Closed eric9n closed 7 months ago

eric9n commented 7 months ago

https://github.com/jenniferlu717/Bracken/blob/8800e4bfd0c984fec46d3f8bf9fad2129d52d3e9/src/kraken_processing.cpp#L113

//Find delimiter indices
    int pos1, pos2, pos3, pos4, pos5;
    pos1 = line.find("\t");
    pos2 = line.find("\t", pos1+1);
    pos3 = line.find("\t", pos2+1);
    pos4 = line.find("\t", pos3+1);
    pos5 = line.find("\n", pos4+1);
    //Extract seqid and taxid 
    seqid = line.substr(pos1+1, pos2-pos1-1);
    taxid = seqid2taxid->find(seqid)->second;
    string curr_ks = line.substr(pos4+1, pos5-pos4-1);

seqid2taxid->find(seqid)->second;

This place may not be able to find seqid for sure.
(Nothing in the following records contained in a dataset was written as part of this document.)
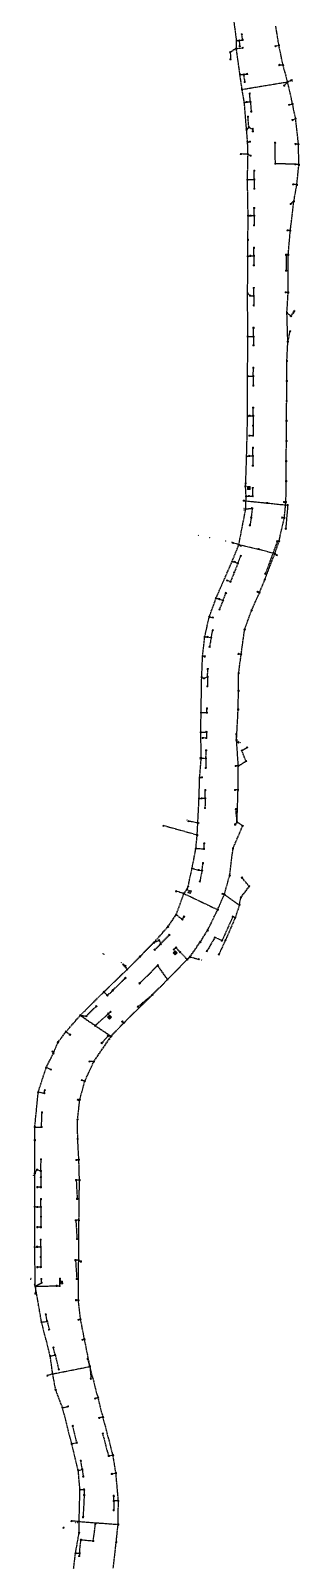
# Model space of a CAD drawing. Header units: metres. Extents: x 105110 to 106166, y 111730 to 118166.
# Drawn here: x 105881 to 106166, y 114941 to 116560 of the extents above; entities that cross this region are included whole.
import ezdxf

# ---------------------------------------------------------------- set-up
doc = ezdxf.new("R2010")
doc.units = ezdxf.units.M
doc.linetypes.add('DASHED', pattern=[1.524, 1.27, -0.254])
doc.layers.add('30-RED-ENEL-NODOS', color=11, linetype='CONTINUOUS', lineweight=13)
doc.layers.add('30-RED-ENEL-PROY', color=1, linetype='DASHED', lineweight=25)

# ---------------------------------------------------------------- blocks, each defined once
blk = doc.blocks.new('CAJA_ENEL')
for p, q in [((-0.6, -0.6), (0.6, 0.6)), ((-0.6, 0.6), (0.6, -0.6))]:
    blk.add_line(p, q)
blk.add_lwpolyline([(-0.6, -0.6), (0.6, -0.6), (0.6, 0.6), (-0.6, 0.6)], close=True)
blk = doc.blocks.new('POSTE')
blk.add_circle((0, 0), 0.15)
blk = doc.blocks.new('CT_ENEL')
for p, q in [((-1.5, -1.5), (1.5, 1.5)), ((-1.5, 1.5), (1.5, -1.5))]:
    blk.add_line(p, q)
blk.add_lwpolyline([(-1.5, -1.5), (1.5, -1.5), (1.5, 1.5), (-1.5, 1.5)], close=True)

msp = doc.modelspace()

# ---------------------------------------------------------------- linework, layer by layer
at = {"layer": '30-RED-ENEL-PROY'}
for points in [[(106099.7669, 116549.5823), (106094.5577, 116588.5461)], [(106106.0277, 116550.3293), (106105.2329, 116556.1251)], [(106144.5625, 116544.3403), (106141.2553, 116565.0545)], [(106099.4157, 116541.2711), (106092.9817, 116537.3153)], [(106092.9817, 116537.3153), (106093.1635, 116529.8103)], [(106099.4157, 116541.2711), (106099.7669, 116549.5823)], [(106099.4157, 116541.2711), (106106.1295, 116541.9501)], [(106103.2371, 116513.7531), (106099.4157, 116541.2711)], [(106099.7669, 116549.5823), (106102.2745, 116549.6601)], [(106102.2745, 116549.6601), (106106.0277, 116550.3293)], [(106102.2745, 116549.6601), (106103.0471, 116543.8123)], [(106144.5625, 116544.3403), (106141.0335, 116543.7187)], [(106148.9787, 116523.6099), (106144.5625, 116544.3403)], [(106148.9787, 116523.6099), (106145.0079, 116523.8015)], [(106153.8229, 116505.9571), (106148.9787, 116523.6099)], [(106105.4919, 116497.9931), (106103.2371, 116513.7531)], [(106103.2371, 116513.7531), (106107.0635, 116513.7027)], [(106105.4919, 116497.9931), (106153.8229, 116505.9571)], [(106107.0635, 116513.7027), (106110.8829, 116514.3307)], [(106107.0635, 116513.7027), (106108.1901, 116505.9419)], [(106153.8229, 116505.9571), (106150.2771, 116501.9941)], [(106153.8229, 116505.9571), (106157.0845, 116507.3233)], [(106159.0503, 116482.4347), (106153.8229, 116505.9571)], [(106107.9039, 116483.9867), (106105.4919, 116497.9931)], [(106114.3113, 116484.9703), (106113.4811, 116493.5327)], [(106107.9039, 116483.9867), (106110.5041, 116484.6335)], [(106110.2327, 116455.4963), (106107.9039, 116483.9867)], [(106110.5041, 116484.6335), (106114.3113, 116484.9703)], [(106114.3113, 116484.9703), (106115.1683, 116474.4991)], [(106159.0503, 116482.4347), (106155.4581, 116481.5753)], [(106162.3141, 116466.7911), (106159.0503, 116482.4347)], [(106110.2327, 116455.4963), (106112.6469, 116457.7497)], [(106112.6469, 116457.7497), (106111.8083, 116468.9977)], [(106112.6469, 116457.7497), (106116.6493, 116456.1381)], [(106116.6493, 116456.1381), (106116.8655, 116453.5967)], [(106162.3141, 116466.7911), (106158.9993, 116465.5169)], [(106165.2909, 116440.0747), (106162.3141, 116466.7911)], [(106111.3261, 116442.0853), (106110.2327, 116455.4963)], [(106111.3261, 116442.0853), (106113.8115, 116442.6063)], [(106111.7935, 116429.3085), (106111.3261, 116442.0853)], [(106140.8053, 116419.3577), (106140.4901, 116441.6607)], [(106165.2909, 116440.0747), (106162.2067, 116440.0433)], [(106165.7109, 116418.1647), (106165.2909, 116440.0747)], [(106111.7935, 116429.3085), (106104.2313, 116429.6467)], [(106111.1879, 116402.4739), (106111.7935, 116429.3085)], [(106111.7935, 116429.3085), (106114.5577, 116427.7761)], [(106118.4333, 116402.5463), (106118.4825, 116411.9043)], [(106162.0945, 116418.6509), (106140.8053, 116419.3577)], [(106165.7109, 116418.1647), (106162.0945, 116418.6509)], [(106163.5703, 116397.0175), (106165.7109, 116418.1647)], [(106111.1879, 116402.4739), (106118.4333, 116402.5463)], [(106111.8929, 116364.2877), (106111.1879, 116402.4739)], [(106118.4333, 116402.5463), (106118.3869, 116392.8693)], [(106163.5703, 116397.0175), (106159.7065, 116397.4939)], [(106160.4297, 116379.6531), (106163.5703, 116397.0175)], [(106156.6621, 116348.5067), (106160.4297, 116379.6531)], [(106160.4297, 116379.6531), (106157.0815, 116376.6819)], [(106111.6897, 116338.6769), (106111.8929, 116364.2877)], [(106111.8929, 116364.2877), (106114.3503, 116364.3027)], [(106114.3503, 116364.3027), (106118.2457, 116364.3385)], [(106118.2457, 116364.3385), (106118.1915, 116354.1367)], [(106118.2457, 116364.3385), (106118.2905, 116372.4463)], [(106156.6621, 116348.5067), (106153.6719, 116348.7695)], [(106154.4223, 116322.8415), (106156.6621, 116348.5067)], [(106111.6029, 116321.3741), (106111.6897, 116338.6769)], [(106118.0357, 116321.7919), (106118.0843, 116330.3447)], [(106111.3439, 116281.9621), (106111.6029, 116321.3741)], [(106111.6029, 116321.3741), (106114.1417, 116321.7571)], [(106114.1417, 116321.7571), (106118.0357, 116321.7919)], [(106118.0357, 116321.7919), (106117.9833, 116311.6545)], [(106152.2657, 116322.8549), (106152.2427, 116306.1739)], [(106154.4223, 116322.8415), (106152.2657, 116322.8549)], [(106154.3651, 116283.0007), (106154.4223, 116322.8415)], [(106111.5037, 116236.3613), (106111.3439, 116281.9621)], [(106111.3439, 116281.9621), (106114.0243, 116279.6117)], [(106114.0243, 116279.6117), (106117.8315, 116279.4379)], [(106117.8315, 116279.4379), (106117.7775, 116269.2989)], [(106117.8315, 116279.4379), (106117.8757, 116287.8411)], [(106154.3651, 116283.0007), (106151.6837, 116283.1519)], [(106153.0305, 116261.4765), (106154.3651, 116283.0007)], [(106154.0077, 116230.8695), (106153.0305, 116261.4765)], [(106153.0305, 116261.4765), (106157.3747, 116258.0805)], [(106157.3747, 116258.0805), (106160.0547, 116261.7795)], [(106111.3595, 116194.5009), (106111.5037, 116236.3613)], [(106111.5037, 116236.3613), (106117.6109, 116236.3195)], [(106117.6109, 116236.3195), (106117.5789, 116227.0125)], [(106117.6109, 116236.3195), (106117.6503, 116245.5707)], [(106153.0309, 116210.5227), (106154.0077, 116230.8695)], [(106154.0077, 116230.8695), (106156.4557, 116242.0543)], [(106117.3933, 116194.4311), (106117.4451, 116203.2577)], [(106152.9065, 116189.3347), (106153.0309, 116210.5227)], [(106111.3307, 116151.9849), (106111.3595, 116194.5009)], [(106111.3595, 116194.5009), (106117.3933, 116194.4311)], [(106117.3933, 116194.4311), (106117.3643, 116184.5035)], [(106152.7813, 116168.1041), (106152.9065, 116189.3347)], [(106152.6607, 116147.1069), (106152.7813, 116168.1041)], [(106110.3103, 116109.6291), (106111.3307, 116151.9849)], [(106111.3307, 116151.9849), (106113.4065, 116152.5241)], [(106113.4065, 116152.5241), (106117.1953, 116152.4989)], [(106117.1953, 116152.4989), (106117.1359, 116142.0637)], [(106117.1953, 116152.4989), (106117.2417, 116161.0291)], [(106117.1359, 116142.0637), (106117.0937, 116131.3953)], [(106152.5327, 116125.7075), (106152.6607, 116147.1069)], [(106117.0937, 116131.3953), (106113.2957, 116131.4523)], [(106116.9855, 116109.9319), (106117.0331, 116118.5257)], [(106152.2595, 116104.4799), (106152.5327, 116125.7075)], [(106109.3835, 116080.9415), (106110.3103, 116109.6291)], [(106110.3103, 116109.6291), (106113.1941, 116110.0379)], [(106113.1941, 116110.0379), (106116.9855, 116109.9319)], [(106116.9855, 116109.9319), (106116.9291, 116099.6447)], [(106152.2841, 116083.3107), (106152.2595, 116104.4799)], [(106109.1585, 116077.7919), (106109.3835, 116080.9415)], [(106109.7753, 116067.2281), (106109.1585, 116077.7919)], [(106109.7753, 116067.2281), (106112.9065, 116067.6245)], [(106112.9065, 116067.6245), (106116.7147, 116067.4929)], [(106116.7147, 116067.4929), (106116.8263, 116076.1067)], [(106151.9963, 116061.2297), (106152.2841, 116083.3107)], [(106102.0789, 116016.2017), (106109.3885, 116053.8799)], [(106107.2763, 116062.6279), (106132.0321, 116060.1609)], [(106109.3885, 116053.8799), (106109.7753, 116067.2281)], [(106109.3885, 116053.8799), (106116.1687, 116054.6097)], [(106116.1687, 116054.6097), (106115.1817, 116044.8531)], [(106132.0321, 116060.1609), (106153.8903, 116057.8793)], [(106151.9963, 116061.2297), (106149.9855, 116061.0977)], [(106150.2667, 116044.5823), (106151.9963, 116061.2297)], [(106153.8903, 116057.8793), (106151.7445, 116033.0047)], [(106115.1817, 116044.8531), (106113.8599, 116036.5731)], [(106144.7037, 116019.7137), (106150.2667, 116044.5823)], [(106150.2667, 116044.5823), (106147.9915, 116044.7149)], [(106142.8843, 116019.8731), (106130.1649, 115985.2917)], [(106140.2889, 116006.8073), (106144.7037, 116019.7137)], [(106144.7037, 116019.7137), (106142.8843, 116019.8731)], [(106094.8731, 115998.2559), (106102.0789, 116016.2017)], [(106102.0789, 116016.2017), (106095.7829, 116018.0259)], [(106101.0207, 115996.2593), (106104.1949, 116004.2927)], [(106102.0789, 116016.2017), (106123.0935, 116011.3435)], [(106102.0789, 116016.2017), (106104.0869, 116014.9475)], [(106123.0935, 116011.3435), (106140.2889, 116006.8073)], [(106129.7067, 115979.2845), (106140.2889, 116006.8073)], [(106140.2889, 116006.8073), (106142.4567, 116004.9923)], [(106077.8817, 115959.3885), (106094.8731, 115998.2559)], [(106097.1629, 115986.7093), (106093.1563, 115976.7503)], [(106094.8731, 115998.2559), (106097.5627, 115997.8317)], [(106101.0207, 115996.2593), (106097.1629, 115986.7093)], [(106097.5627, 115997.8317), (106101.0207, 115996.2593)], [(106093.1563, 115976.7503), (106089.6245, 115978.1655)], [(106124.0315, 115965.2837), (106129.7067, 115979.2845)], [(106070.8011, 115939.8075), (106077.8817, 115959.3885)], [(106077.8817, 115959.3885), (106081.2297, 115958.6097)], [(106081.2297, 115958.6097), (106085.2073, 115957.0009)], [(106085.2073, 115957.0009), (106081.4673, 115947.4855)], [(106085.2073, 115957.0009), (106088.4001, 115964.9265)], [(106115.6527, 115946.7187), (106124.0315, 115965.2837)], [(106124.0315, 115965.2837), (106122.0821, 115966.0265)], [(106065.8853, 115918.5055), (106070.8011, 115939.8075)], [(106070.8011, 115939.8075), (106074.3411, 115938.9105)], [(106108.2045, 115926.3569), (106115.6527, 115946.7187)], [(106072.6139, 115917.5469), (106074.4495, 115925.6577)], [(106104.5127, 115899.9269), (106108.2045, 115926.3569)], [(106063.6423, 115898.2655), (106065.8853, 115918.5055)], [(106065.8853, 115918.5055), (106068.8617, 115918.3535)], [(106068.8617, 115918.3535), (106072.6139, 115917.5469)], [(106072.6139, 115917.5469), (106070.9785, 115907.9279)], [(106062.6647, 115875.8607), (106063.6423, 115898.2655)], [(106063.6423, 115898.2655), (106065.9463, 115897.7211)], [(106104.5127, 115899.9269), (106101.7379, 115900.5169)], [(106101.8611, 115880.1021), (106104.5127, 115899.9269)], [(106062.0069, 115838.3233), (106062.6647, 115875.8607)], [(106062.6647, 115875.8607), (106065.0599, 115874.5825)], [(106065.0599, 115874.5825), (106068.8919, 115876.1927)], [(106068.8919, 115876.1927), (106068.6877, 115866.0657)], [(106068.8919, 115876.1927), (106069.1067, 115884.2875)], [(106101.6459, 115861.4539), (106101.8611, 115880.1021)], [(106101.3281, 115841.5597), (106101.6459, 115861.4539)], [(106068.1371, 115838.3063), (106068.2175, 115842.6211)], [(106099.6235, 115809.4033), (106101.3281, 115841.5597)], [(106061.7295, 115817.3631), (106062.0069, 115838.3233)], [(106062.0069, 115838.3233), (106068.1371, 115838.3063)], [(106061.7295, 115817.3631), (106067.7299, 115817.9011)], [(106062.1983, 115790.1131), (106061.7295, 115817.3631)], [(106067.5959, 115811.3917), (106063.8061, 115811.4661)], [(106067.7299, 115817.9011), (106067.5959, 115811.3917)], [(106099.6235, 115809.4033), (106099.3719, 115815.6361)], [(106101.4937, 115782.0149), (106099.6235, 115809.4033)], [(106099.6235, 115809.4033), (106101.6153, 115806.8609)], [(106067.1667, 115789.8553), (106067.3433, 115798.4769)], [(106105.1747, 115798.1943), (106110.7663, 115801.4015)], [(106109.6585, 115786.8535), (106105.1747, 115798.1943)], [(106060.5115, 115769.6775), (106062.1983, 115790.1131)], [(106062.1983, 115790.1131), (106067.1667, 115789.8553)], [(106067.1667, 115789.8553), (106066.9659, 115779.7493)], [(106101.4937, 115782.0149), (106098.7457, 115781.8389)], [(106101.2011, 115756.5657), (106101.4937, 115782.0149)], [(106101.4937, 115782.0149), (106109.6585, 115786.8535)], [(106059.8251, 115747.3773), (106060.5115, 115769.6775)], [(106060.5115, 115769.6775), (106062.9659, 115769.7819)], [(106058.5879, 115721.4355), (106059.8251, 115747.3773)], [(106059.8251, 115747.3773), (106062.5261, 115747.6785)], [(106062.5261, 115747.6785), (106066.3127, 115747.6591)], [(106066.3127, 115747.6591), (106066.1123, 115737.2747)], [(106066.3127, 115747.6591), (106066.5089, 115756.2043)], [(106101.2011, 115756.5657), (106098.0731, 115756.3903)], [(106100.1675, 115722.4325), (106101.2011, 115756.5657)], [(106100.1675, 115722.4325), (106098.9225, 115736.2221)], [(106057.8591, 115708.6167), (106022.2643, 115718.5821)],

In Kraken, seqid2taxid is the mapping of NCBI sequence IDs to taxonomic IDs, which is known to be in the NCBI format. On the other hand, Kraken output results are encoding IDs from fastq sequencing files. The connection between these two lies in the fact that Kraken uses the NCBI sequence IDs from the input fastq files to identify and classify the taxonomic content of the sequences. Therefore, the one-to-one correspondence is established based on the NCBI sequence IDs present in both the input fastq files and the seqid2taxid mapping provided by Kraken.